Some years ago, on one of my first reporting trips to Las Vegas for my book, a friend who introduced me to the fountain in front of the Bellagio Hotel suggested a bit of economics that lingered. He pointed up to the big hotel and ventured a guess at the revenue flowing through it – a rough billion dollars a year.
His idle comment turned into this fun bit of business in my book Water is For Fighting Over: and Other Myths About Water in the West:
The Bellagio’s fountain, often mocked as a symbol of water excess in the arid Southwest, may in fact represent some of the highest-value water around. The 12 million gallons a year needed to keep it topped up starts as water too salty to drink, drawn from an old well that once irrigated the Dunes Hotel golf course. Twelve million gallons sounds like a lot, but it’s really just enough to irrigate eight acres of alfalfa in the Imperial Valley. Total revenue at the seven giant casino–resort hotels contiguous to the fountain, at the corner of Flamingo Road and South Las Vegas Boulevard—the heart of the famed Las Vegas Strip—is an estimated $3.6 billion…. Given the crowds lining the sidewalks for each one of the fountain’s dancing-water shows, the fountains must represent one of the most economically productive uses of water you’ll find in the West.

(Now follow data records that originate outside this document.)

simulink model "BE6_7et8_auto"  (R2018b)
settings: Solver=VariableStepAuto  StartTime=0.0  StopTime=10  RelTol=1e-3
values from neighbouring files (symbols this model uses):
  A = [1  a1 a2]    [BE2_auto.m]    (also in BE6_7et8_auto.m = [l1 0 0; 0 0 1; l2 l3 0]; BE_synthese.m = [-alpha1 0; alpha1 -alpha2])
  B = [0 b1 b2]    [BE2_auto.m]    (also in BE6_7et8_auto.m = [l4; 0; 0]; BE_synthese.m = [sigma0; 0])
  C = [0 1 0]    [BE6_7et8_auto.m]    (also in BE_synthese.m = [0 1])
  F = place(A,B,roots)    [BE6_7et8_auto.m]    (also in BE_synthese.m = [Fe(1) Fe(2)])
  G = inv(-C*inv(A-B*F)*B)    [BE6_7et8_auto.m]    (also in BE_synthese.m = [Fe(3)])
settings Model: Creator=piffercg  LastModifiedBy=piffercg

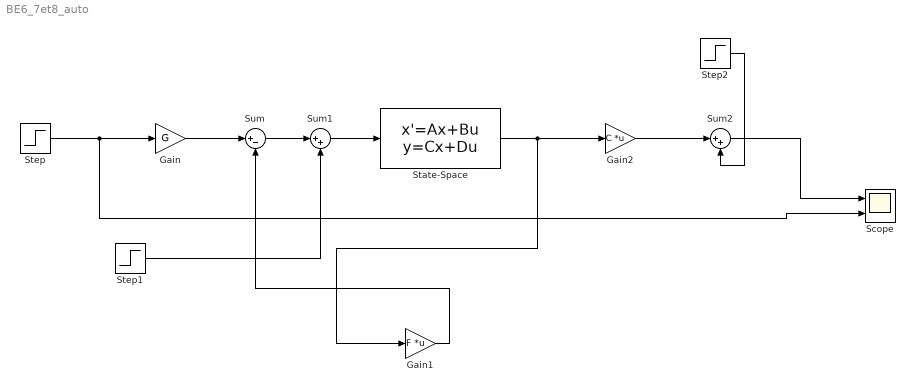
== system BE6_7et8_auto ==
  Gain : Gain  Gain=G
  Gain1 : Gain  Gain=F  Multiplication=Matrix(K*u)
  Gain2 : Gain  Gain=C  Multiplication=Matrix(K*u)
  Scope : Scope  NumInputPorts=2
  State-Space : StateSpace  A=A  B=B  C=eye(3)  D=zeros(3,1)  InitialCondition=0
  Step : Step  After=0.005  SampleTime=0
  Step1 : Step  Time=20  After=5  SampleTime=0
  Step2 : Step  Time=20  After=0.002  SampleTime=0
  Sum : Sum  Inputs=|+-
  Sum1 : Sum  Inputs=|++
  Sum2 : Sum  Inputs=|++
  wires:
  Step/1 -> Scope/2, Gain/1
  Gain/1 -> Sum/1
  State-Space/1 -> Gain1/1, Gain2/1
  Gain1/1 -> Sum/2
  Sum1/1 -> State-Space/1
  Sum/1 -> Sum1/1
  Step1/1 -> Sum1/2
  Gain2/1 -> Sum2/1
  Sum2/1 -> Scope/1
  Step2/1 -> Sum2/2
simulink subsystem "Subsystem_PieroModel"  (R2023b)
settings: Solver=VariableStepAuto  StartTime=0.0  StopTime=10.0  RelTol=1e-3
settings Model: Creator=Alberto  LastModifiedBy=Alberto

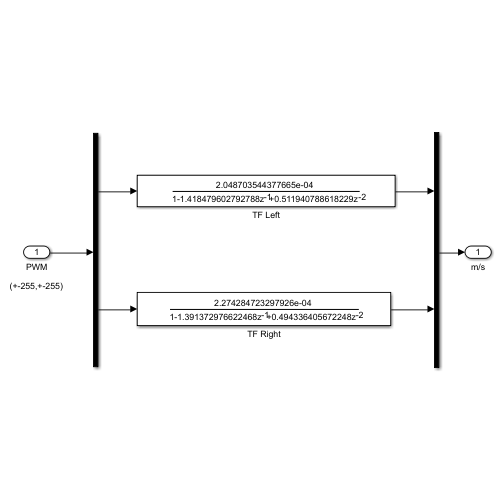
[thumbnail: Simulink's stored preview of the top-level diagram]
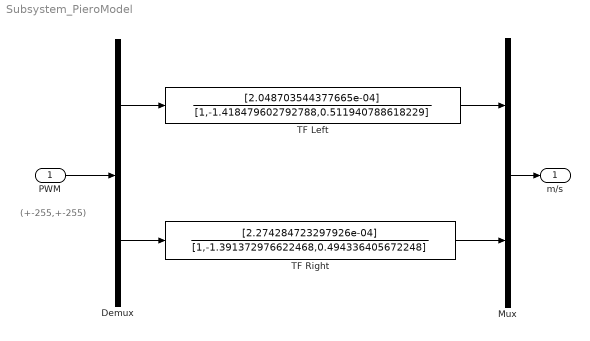
== system Subsystem_PieroModel ==
  note: (+-255,+-255)
  PWM : Inport
  Demux : Demux  Outputs=2
  Mux : Mux  Inputs=2
  TF Left : DiscreteFilter  Numerator=[2.048703544377665e-04]  Denominator=[1,-1.418479602792788,0.511940788618229]
  TF Right : DiscreteFilter  Numerator=[2.274284723297926e-04]  Denominator=[1,-1.391372976622468,0.494336405672248]
  m/s : Outport
  wires:
  PWM/1 -> Demux/1
  Mux/1 -> m/s/1
  Demux/1 -> TF Left/1
  TF Left/1 -> Mux/1
  Demux/2 -> TF Right/1
  TF Right/1 -> Mux/2

I’m in Las Vegas this week the annual meeting of the Family Farm Alliance, an ag irrigation NGO. (Fascinating meeting, interesting people.) After the sessions ended, I wandered up the strip to hunt for dinner and ended up, as I often do, at the Bellagio fountain. The Friday evening crowd was swelling, and the 6 p.m. fountain show’s music was Henry Mancini’s Pink Panther Theme.
Peak Vegas.
Peak Vegas. Love that expression.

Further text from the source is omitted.